O pai rato também interviu:
- Gostamos mesmo é de uma boa fruta, um
delicioso pedaço de bife...
- Ah, tá bom! Então me digam: porque os gatos
fogem de mim?
Houve um breve silencio no antigo esgoto a
céu aberto. Realmente esse é um detalhe importante que fazia um rato ser rato
de verdade. Todo rato que se preze, foge de gatos e não ao contrário.

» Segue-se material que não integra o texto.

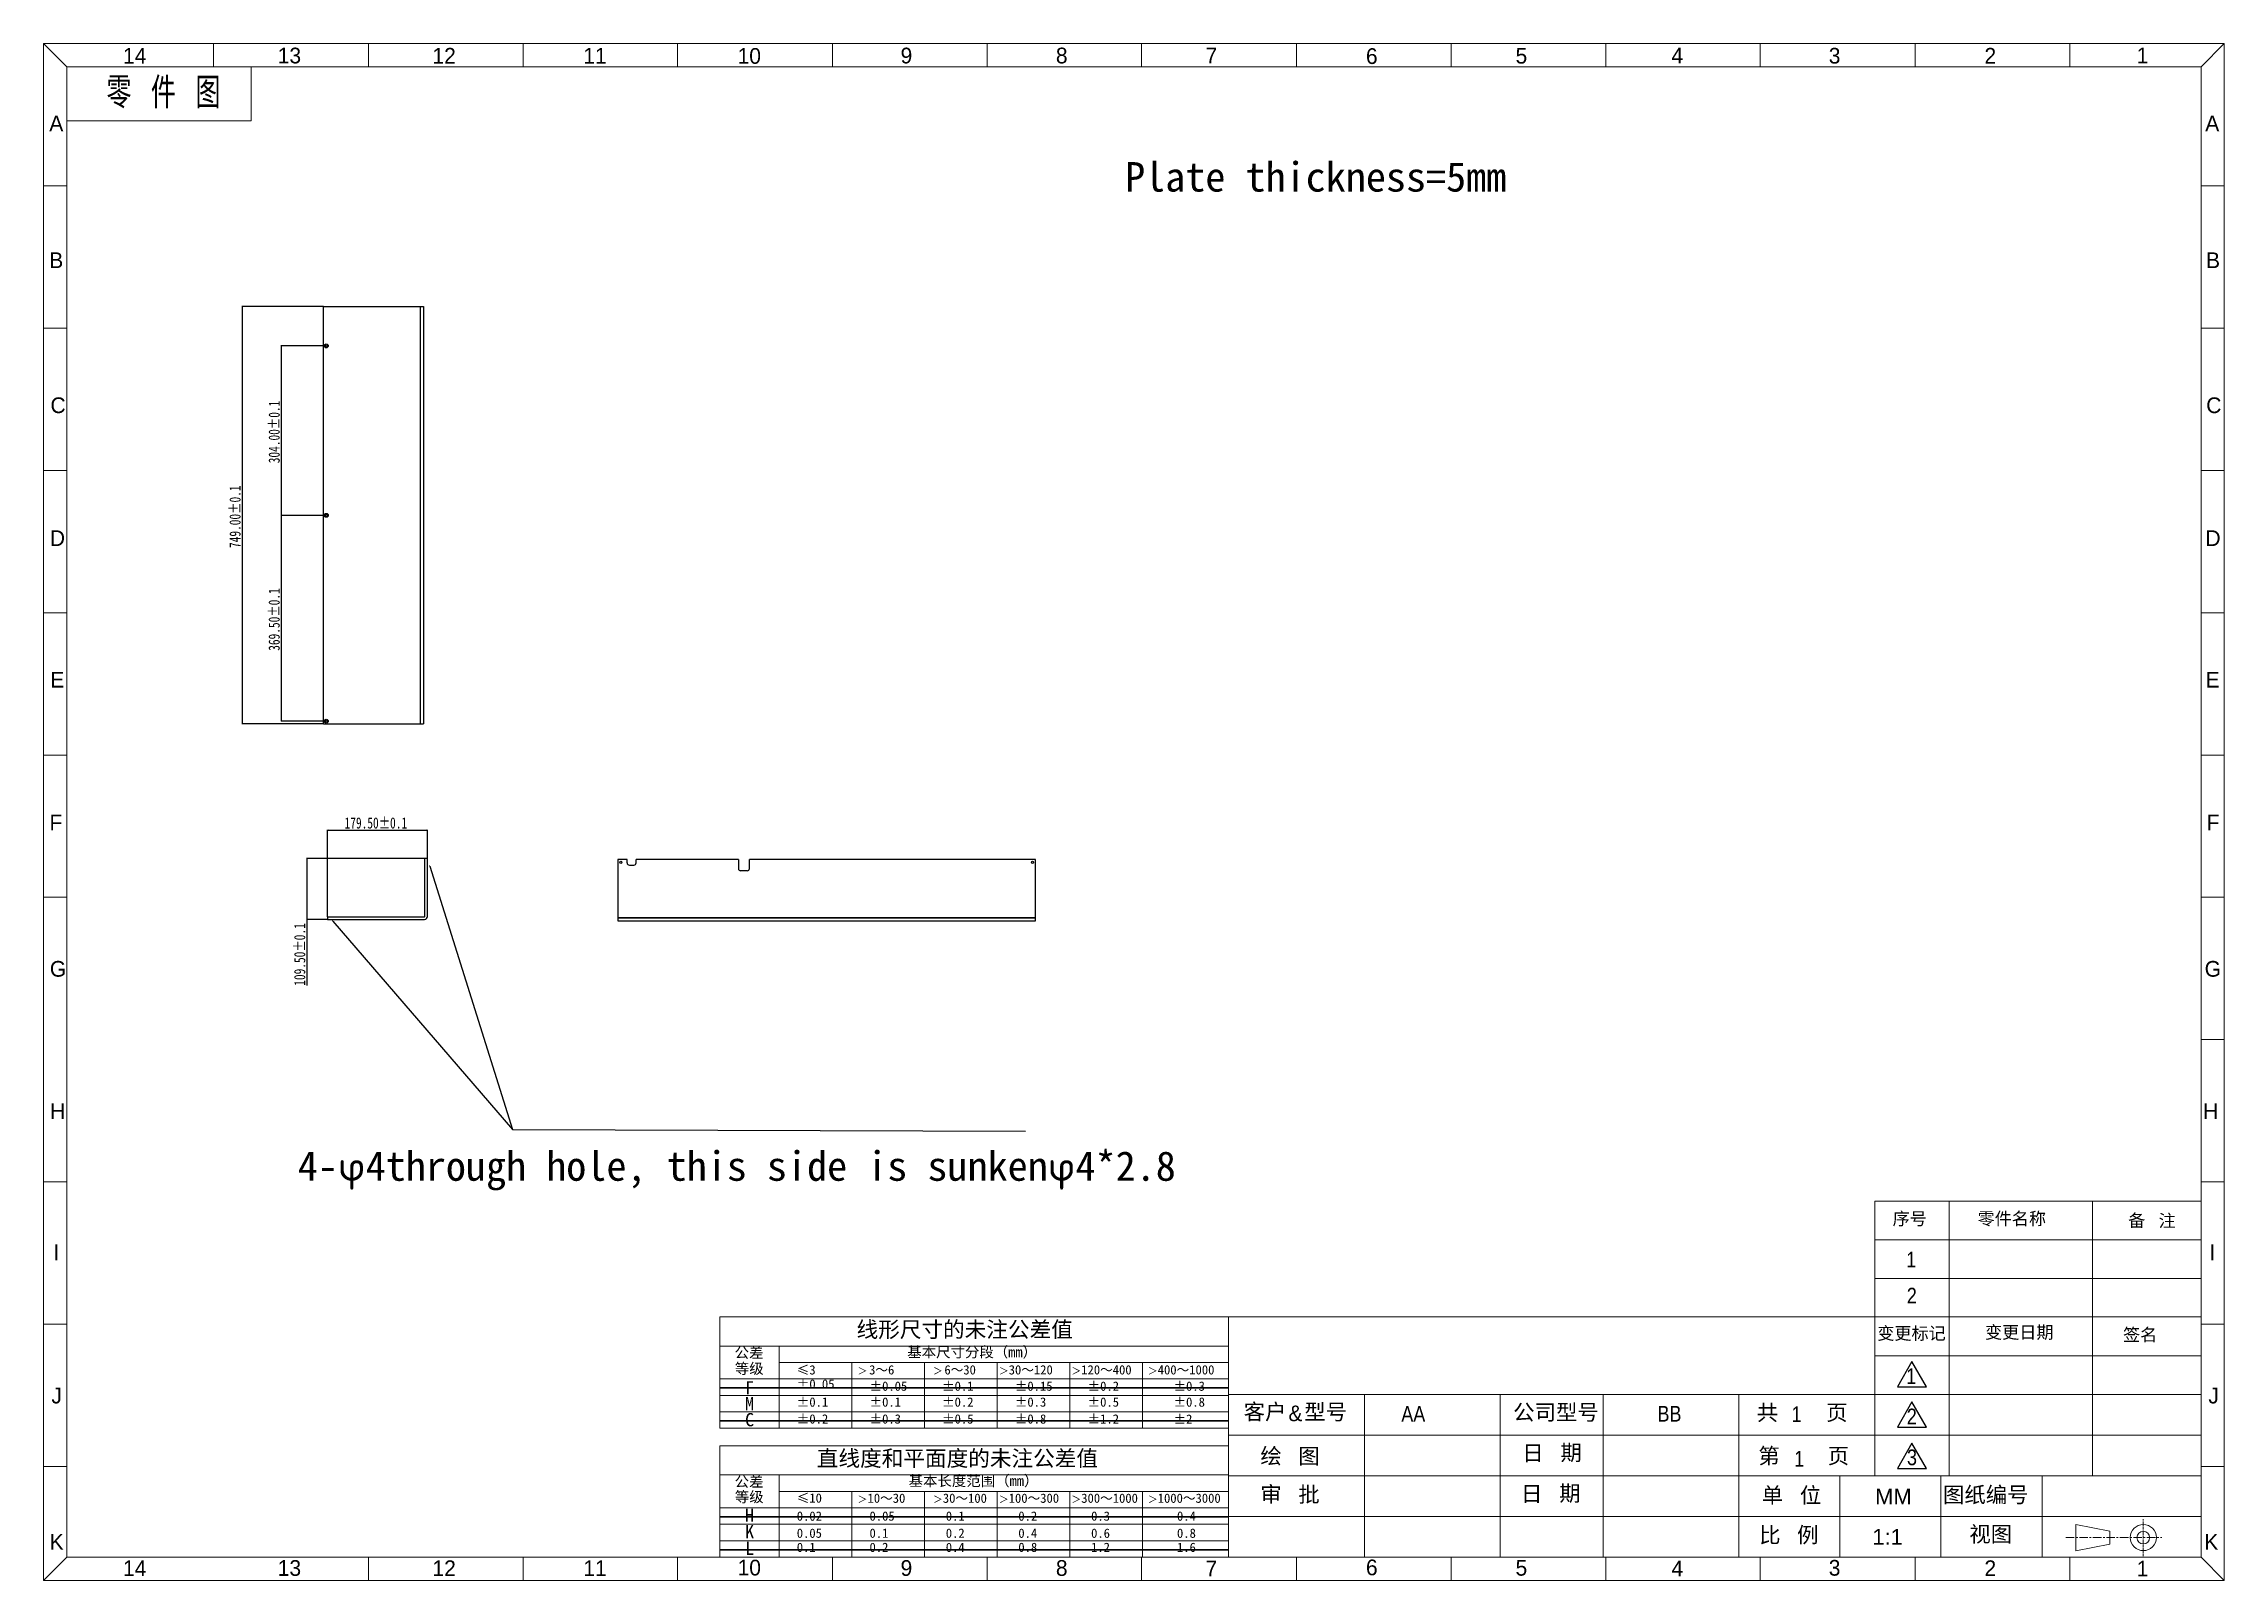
# Model space of a CAD drawing. Extents: x -7363 to 3729, y -3148 to 4670.
import ezdxf

# ---------------------------------------------------------------- set-up
doc = ezdxf.new("R2010")
doc.units = 0
doc.header["$MEASUREMENT"] = 0
doc.linetypes.add('AI-Linetype-0', pattern=[68.771678, 42.9823, -8.596459, 8.596459, -8.596459])
doc.linetypes.add('AI-Linetype-1', pattern=[22.923892, 14.327433, -2.865487, 2.865487, -2.865487])
doc.layers.get('0').update_dxf_attribs({"lineweight": 0})
doc.layers.add('Dim', color=7, linetype='Continuous', lineweight=0)
doc.styles.add('BT', font='swissc.ttf')

# ---------------------------------------------------------------- blocks, each defined once
blk = doc.blocks.new('Block_0')
at = {"char_height": 0.2, "attachment_point": 7}
for s, insert in [('\\C253;\\FSimSun|b0|i0|c1;\\H63.814544;\\W1.000000;备', (3240, -1356)), ('\\C253;\\FSimSun|b0|i0|c1;\\H63.814544;\\W1.000000;注', (3395, -1356)), ('\\C253;\\FAdobe Song Std L|b0|i0|c1;\\H63.814544;\\W1.000000; ', (3331, -1356))]:
    blk.add_mtext(s, dxfattribs=dict(at, insert=insert))
blk = doc.blocks.new('Block_1')
at = {"char_height": 0.2, "attachment_point": 7}
for s, insert in [('\\C253;\\FSimSun|b0|i0|c1;\\H79.768182;\\W1.000000;客户', (-1259, -2339)), ('\\C253;\\FAdobe Song Std L|b0|i0|c1;\\H79.768182;\\W1.000000;&', (-1031, -2339)), ('\\C253;\\FSimSun|b0|i0|c1;\\H79.768182;\\W1.000000;型号', (-951, -2339))]:
    blk.add_mtext(s, dxfattribs=dict(at, insert=insert))
blk = doc.blocks.new('Block_2')
at = {"char_height": 0.2, "attachment_point": 7}
for s, insert in [('\\C253;\\FSimSun|b0|i0|c1;\\H79.768182;\\W1.000000;审', (-1174, -2758)), ('\\C253;\\FSimSun|b0|i0|c1;\\H79.768182;\\W1.000000;批', (-981, -2758)), ('\\C253;\\FAdobe Song Std L|b0|i0|c1;\\H79.768182;\\W1.000000; ', (-1060, -2758))]:
    blk.add_mtext(s, dxfattribs=dict(at, insert=insert))
blk = doc.blocks.new('Block_3')
at = {"char_height": 0.2, "attachment_point": 7}
for s, insert in [('\\C253;\\FSimSun|b0|i0|c1;\\H79.768182;\\W1.000000;绘', (-1174, -2564)), ('\\C253;\\FSimSun|b0|i0|c1;\\H79.768182;\\W1.000000;图', (-981, -2564)), ('\\C253;\\FAdobe Song Std L|b0|i0|c1;\\H79.768182;\\W1.000000; ', (-1060, -2564))]:
    blk.add_mtext(s, dxfattribs=dict(at, insert=insert))
blk = doc.blocks.new('Block_4')
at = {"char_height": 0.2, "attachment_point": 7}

Quebrando o silêncio, a ratazana
contemporizou:
- Quer saber, filho, isso tudo são só
detalhes. Você é especial!
Não teve jeito. Naquele momento, o silencio foi a deixa, e o ratinho feio tomou a já postergada decisão ali mesmo:
- Amo vocês, mas tenho de ir embora.
E foi mesmo, para a tristeza da ratazana e
dos ratinhos, todos apegados a ele, exatamente por acharem-no diferente.
Partiu num dia frio e úmido de outono.
Depois de muito caminhar, comendo insetos e
vegetais que encontrava pelo caminho, chegou ao que parecia ser uma bela
reserva florestal, bem diferente do esgoto.
Chegando ali foi logo abordado por um velho ouriço que ,
de tão velho, andava aparado numa muleta. E a este contou sua triste história.
- Ora, ora, mas você não é estranho. Você só
não é um rato.
- Como assim, eu não sou um rato? Meus pais
são ratos, meus irmãos são ratos.
- Talvez, mas você não é.
O velho ouriço o levou para diante de um resto de espelho que um dia havia aparecido ali (ao menos aquele descarte humano serviria para
alguma coisa) e disse:
- Veja você mesmo.
Ao ver sua imagem refletida no espelho, o
ratinho feio levou um baita susto. Mas também ficou surpreso. Ao se recompor, começou a notar que
não era mesmo igual aos irmãozinhos e aos pais. Virou-se para o velho
ouriço:
- Nossa, eu sou igual a você!
- Na verdade, somos muito parecidos.
Refutou o ouriço com ar de sabedoria. Daí o ratinho emendou a pergunta, para cuja
resposta o velho ouriço já a tinha na ponta da língua:
- Mas, se eu não sou um rato, o que eu sou?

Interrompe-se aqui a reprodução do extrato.